Her muzzle turned to point at him. Her eyes narrowed. 'Vot har you?' Ice slithered off every syllable.
'Gaspode's the name,' barked Gaspode, with insane cheerfulness. ' 'm a dog. That's a kind of wolf, sort of thing. So, what's your name, then?'
/>
'Go avay.'
'No offence meant. 'ere, I heard tell wolves mate for life, right?'
'Vell?'
'Wish I could.'
Gaspode froze as the she-wolf's muzzle snapped an inch from his nose.
'Ver I come from ve eat things like you,' she said.
'Fair enough, fair enough,' muttered Gaspode, backing away. 'I don't know, you try to be friendly and this is what you get...'
Nearer the fire the humans were getting complicated. Gaspode slunk back and lay down.
'You could have told me,' Carrot was saying.

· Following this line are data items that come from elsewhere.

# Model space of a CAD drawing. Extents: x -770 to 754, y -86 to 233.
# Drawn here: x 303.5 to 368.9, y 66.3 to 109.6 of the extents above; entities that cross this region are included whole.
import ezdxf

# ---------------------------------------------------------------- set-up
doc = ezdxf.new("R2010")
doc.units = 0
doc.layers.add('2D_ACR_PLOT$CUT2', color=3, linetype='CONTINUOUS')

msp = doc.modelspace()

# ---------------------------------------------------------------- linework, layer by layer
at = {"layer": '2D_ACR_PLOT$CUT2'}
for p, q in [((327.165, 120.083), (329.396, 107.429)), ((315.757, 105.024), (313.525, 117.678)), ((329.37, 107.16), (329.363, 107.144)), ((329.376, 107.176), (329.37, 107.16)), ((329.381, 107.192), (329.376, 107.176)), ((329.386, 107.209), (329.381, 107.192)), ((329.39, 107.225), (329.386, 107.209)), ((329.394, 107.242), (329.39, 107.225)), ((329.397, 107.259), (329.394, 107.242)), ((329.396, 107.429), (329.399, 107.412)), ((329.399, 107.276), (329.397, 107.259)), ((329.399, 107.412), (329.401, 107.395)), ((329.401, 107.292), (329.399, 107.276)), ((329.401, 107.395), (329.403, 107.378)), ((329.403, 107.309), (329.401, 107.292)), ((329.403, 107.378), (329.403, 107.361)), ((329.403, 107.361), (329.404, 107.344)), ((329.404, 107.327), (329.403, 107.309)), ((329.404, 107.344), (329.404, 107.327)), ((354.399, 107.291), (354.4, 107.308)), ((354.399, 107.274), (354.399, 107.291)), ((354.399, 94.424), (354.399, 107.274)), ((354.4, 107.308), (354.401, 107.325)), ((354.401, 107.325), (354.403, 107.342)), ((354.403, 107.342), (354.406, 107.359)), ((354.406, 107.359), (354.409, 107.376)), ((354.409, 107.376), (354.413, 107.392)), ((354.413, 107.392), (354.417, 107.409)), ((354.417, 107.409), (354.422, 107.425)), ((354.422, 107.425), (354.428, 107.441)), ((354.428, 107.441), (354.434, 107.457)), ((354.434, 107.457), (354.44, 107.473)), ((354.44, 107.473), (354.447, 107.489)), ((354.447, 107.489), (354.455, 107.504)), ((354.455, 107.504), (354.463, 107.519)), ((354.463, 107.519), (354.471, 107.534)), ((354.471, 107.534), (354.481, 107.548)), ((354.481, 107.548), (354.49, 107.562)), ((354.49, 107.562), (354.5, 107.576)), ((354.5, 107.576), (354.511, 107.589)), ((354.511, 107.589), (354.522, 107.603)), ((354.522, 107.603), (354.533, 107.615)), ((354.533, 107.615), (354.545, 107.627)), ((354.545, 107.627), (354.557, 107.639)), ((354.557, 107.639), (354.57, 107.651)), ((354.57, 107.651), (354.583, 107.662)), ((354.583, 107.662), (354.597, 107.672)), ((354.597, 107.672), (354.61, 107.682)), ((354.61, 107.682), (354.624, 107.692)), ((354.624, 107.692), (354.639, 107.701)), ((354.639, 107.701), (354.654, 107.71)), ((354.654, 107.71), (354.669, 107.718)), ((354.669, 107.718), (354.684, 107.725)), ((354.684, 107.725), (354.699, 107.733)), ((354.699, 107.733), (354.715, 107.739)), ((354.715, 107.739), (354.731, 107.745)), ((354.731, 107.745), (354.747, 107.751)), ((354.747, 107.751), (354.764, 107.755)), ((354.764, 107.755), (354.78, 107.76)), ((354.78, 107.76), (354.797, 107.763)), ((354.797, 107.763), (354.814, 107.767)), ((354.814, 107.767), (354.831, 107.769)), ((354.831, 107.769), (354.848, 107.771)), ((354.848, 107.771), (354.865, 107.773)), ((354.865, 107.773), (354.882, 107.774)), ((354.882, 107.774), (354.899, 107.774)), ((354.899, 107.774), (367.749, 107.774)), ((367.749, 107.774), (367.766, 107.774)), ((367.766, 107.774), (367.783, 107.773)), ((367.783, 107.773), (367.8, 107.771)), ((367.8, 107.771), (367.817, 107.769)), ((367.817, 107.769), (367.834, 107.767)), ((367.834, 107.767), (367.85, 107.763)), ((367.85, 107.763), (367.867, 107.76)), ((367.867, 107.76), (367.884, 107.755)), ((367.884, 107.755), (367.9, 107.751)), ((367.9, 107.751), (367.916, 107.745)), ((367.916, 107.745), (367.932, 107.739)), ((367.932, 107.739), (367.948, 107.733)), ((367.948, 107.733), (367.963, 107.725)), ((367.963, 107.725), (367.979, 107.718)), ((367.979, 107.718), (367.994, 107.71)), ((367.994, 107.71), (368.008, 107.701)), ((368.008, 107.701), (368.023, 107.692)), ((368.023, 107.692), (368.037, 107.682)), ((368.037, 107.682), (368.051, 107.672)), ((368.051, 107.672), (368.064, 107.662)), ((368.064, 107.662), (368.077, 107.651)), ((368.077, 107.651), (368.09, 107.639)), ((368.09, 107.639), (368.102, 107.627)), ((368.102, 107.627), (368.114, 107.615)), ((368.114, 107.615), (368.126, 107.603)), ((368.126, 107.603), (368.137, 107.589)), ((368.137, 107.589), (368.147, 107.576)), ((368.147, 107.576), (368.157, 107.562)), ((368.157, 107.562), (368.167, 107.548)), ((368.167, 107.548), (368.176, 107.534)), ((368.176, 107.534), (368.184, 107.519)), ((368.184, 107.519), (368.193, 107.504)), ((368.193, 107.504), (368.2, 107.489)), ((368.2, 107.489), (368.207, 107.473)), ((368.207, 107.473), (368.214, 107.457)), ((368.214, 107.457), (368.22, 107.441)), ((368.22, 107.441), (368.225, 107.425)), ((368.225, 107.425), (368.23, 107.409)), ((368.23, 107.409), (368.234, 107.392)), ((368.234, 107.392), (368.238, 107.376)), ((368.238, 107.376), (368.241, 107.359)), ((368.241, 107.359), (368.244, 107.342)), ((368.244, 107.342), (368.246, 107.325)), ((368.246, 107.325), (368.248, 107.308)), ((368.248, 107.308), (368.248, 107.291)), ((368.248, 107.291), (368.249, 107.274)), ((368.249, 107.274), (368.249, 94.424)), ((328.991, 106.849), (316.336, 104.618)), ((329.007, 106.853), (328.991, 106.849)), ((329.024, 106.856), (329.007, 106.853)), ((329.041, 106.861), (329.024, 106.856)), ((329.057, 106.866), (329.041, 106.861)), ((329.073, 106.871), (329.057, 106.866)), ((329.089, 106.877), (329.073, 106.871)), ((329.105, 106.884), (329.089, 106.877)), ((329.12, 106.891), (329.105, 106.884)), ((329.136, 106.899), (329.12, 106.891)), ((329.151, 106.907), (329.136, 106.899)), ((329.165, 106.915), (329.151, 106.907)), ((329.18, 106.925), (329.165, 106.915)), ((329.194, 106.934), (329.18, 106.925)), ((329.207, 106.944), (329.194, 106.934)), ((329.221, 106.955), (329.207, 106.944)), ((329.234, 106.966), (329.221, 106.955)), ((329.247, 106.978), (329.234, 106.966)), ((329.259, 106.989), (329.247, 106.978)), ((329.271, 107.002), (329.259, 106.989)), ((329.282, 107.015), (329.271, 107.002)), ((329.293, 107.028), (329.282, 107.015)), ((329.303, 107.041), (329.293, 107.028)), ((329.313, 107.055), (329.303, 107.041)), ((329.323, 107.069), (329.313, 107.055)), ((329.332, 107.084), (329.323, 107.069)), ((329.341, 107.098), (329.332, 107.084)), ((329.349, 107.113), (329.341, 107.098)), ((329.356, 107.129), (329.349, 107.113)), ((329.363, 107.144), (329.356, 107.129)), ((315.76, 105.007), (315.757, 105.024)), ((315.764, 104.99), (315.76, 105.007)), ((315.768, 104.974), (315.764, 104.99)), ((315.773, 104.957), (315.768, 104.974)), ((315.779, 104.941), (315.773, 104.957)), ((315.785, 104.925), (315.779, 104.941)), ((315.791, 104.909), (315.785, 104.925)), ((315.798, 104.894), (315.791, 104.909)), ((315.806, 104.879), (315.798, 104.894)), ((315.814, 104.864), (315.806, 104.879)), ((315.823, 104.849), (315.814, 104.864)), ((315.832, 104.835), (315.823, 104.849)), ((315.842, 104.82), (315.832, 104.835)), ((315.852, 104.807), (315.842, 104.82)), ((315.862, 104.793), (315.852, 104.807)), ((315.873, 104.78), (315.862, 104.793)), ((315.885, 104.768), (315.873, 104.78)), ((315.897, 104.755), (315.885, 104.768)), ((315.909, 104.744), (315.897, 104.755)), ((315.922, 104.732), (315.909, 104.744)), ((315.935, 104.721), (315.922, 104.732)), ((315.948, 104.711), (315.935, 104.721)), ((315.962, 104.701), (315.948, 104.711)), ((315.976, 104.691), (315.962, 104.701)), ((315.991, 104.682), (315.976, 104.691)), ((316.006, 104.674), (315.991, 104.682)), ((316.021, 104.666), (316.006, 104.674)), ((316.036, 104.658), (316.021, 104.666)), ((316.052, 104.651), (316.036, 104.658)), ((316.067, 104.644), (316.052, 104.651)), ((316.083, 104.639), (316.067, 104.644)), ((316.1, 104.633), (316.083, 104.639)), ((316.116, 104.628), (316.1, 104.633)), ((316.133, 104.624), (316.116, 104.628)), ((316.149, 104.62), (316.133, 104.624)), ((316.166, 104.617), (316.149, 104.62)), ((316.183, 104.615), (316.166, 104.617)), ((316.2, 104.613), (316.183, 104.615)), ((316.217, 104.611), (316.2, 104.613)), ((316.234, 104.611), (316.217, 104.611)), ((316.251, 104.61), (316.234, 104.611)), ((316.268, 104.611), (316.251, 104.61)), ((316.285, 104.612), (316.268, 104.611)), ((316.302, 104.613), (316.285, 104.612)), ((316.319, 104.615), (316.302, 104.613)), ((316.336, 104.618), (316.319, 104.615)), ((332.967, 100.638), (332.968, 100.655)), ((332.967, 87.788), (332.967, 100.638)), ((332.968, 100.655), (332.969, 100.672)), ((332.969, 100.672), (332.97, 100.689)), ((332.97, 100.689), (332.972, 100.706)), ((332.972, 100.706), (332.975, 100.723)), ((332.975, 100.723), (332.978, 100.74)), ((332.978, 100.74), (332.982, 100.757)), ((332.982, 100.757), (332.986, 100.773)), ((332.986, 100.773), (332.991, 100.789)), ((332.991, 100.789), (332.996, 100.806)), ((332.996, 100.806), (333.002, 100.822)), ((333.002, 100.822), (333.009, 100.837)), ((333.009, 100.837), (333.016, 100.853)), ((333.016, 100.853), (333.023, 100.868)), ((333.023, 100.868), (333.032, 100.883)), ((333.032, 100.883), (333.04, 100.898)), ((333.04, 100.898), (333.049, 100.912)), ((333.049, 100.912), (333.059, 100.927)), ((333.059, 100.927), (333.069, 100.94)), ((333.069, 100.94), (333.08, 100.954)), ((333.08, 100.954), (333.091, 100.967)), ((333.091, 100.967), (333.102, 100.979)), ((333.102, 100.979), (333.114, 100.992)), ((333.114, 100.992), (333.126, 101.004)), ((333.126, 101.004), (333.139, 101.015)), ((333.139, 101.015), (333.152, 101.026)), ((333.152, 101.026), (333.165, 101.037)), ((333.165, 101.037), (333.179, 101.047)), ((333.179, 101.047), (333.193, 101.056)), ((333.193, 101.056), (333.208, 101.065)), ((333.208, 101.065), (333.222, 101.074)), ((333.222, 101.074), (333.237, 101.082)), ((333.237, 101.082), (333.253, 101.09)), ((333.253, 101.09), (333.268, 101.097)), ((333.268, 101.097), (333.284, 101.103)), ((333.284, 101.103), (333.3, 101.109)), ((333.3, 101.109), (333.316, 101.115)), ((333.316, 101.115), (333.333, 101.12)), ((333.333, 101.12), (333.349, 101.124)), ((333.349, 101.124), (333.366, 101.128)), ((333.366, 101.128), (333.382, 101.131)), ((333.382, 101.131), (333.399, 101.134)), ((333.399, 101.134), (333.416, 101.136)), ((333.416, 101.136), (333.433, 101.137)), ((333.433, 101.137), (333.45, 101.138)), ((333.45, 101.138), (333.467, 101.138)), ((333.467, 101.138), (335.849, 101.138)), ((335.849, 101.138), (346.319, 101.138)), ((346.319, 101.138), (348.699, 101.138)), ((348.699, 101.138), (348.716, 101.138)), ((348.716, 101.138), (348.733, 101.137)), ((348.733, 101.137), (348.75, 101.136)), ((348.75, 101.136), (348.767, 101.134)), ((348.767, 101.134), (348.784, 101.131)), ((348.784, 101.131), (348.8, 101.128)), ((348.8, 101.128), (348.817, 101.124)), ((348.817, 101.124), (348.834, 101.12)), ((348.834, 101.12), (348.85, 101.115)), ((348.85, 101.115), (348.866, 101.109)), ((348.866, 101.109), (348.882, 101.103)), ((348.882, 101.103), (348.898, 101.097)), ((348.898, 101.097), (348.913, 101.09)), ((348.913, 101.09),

'It would've taken too long. You always want to understand things. Anyway, it's none of your business. This is family.'
Carrot waved a hand towards the wolf. 'He's a relative?' he said.
'No. He's a... friend.'
Gaspode's ears waggled. He thought: whoops.
'He's very big for a wolf,' said Carrot slowly, as if filing new information.
'He's a very big wolf,' said Angua, shrugging.
'Another werewolf?'
'No.'
'Just a wolf?'
'Yes,' said Angua sarcastically. 'Just a wolf.'
'And his name is... ?'
'He would not object to being called Gavin.'
'Gavin?'
'He once ate someone called Gavin.'
'What, all of him?'
'Of course not. Just enough to make certain that the man set no more wolf traps.' Angua smiled. 'Gavin is... quite unusual.'
Carrot looked at the wolf and smiled. He picked up a piece of wood and tossed it gently towards him. The wolf snapped it, dog-like, out of the air.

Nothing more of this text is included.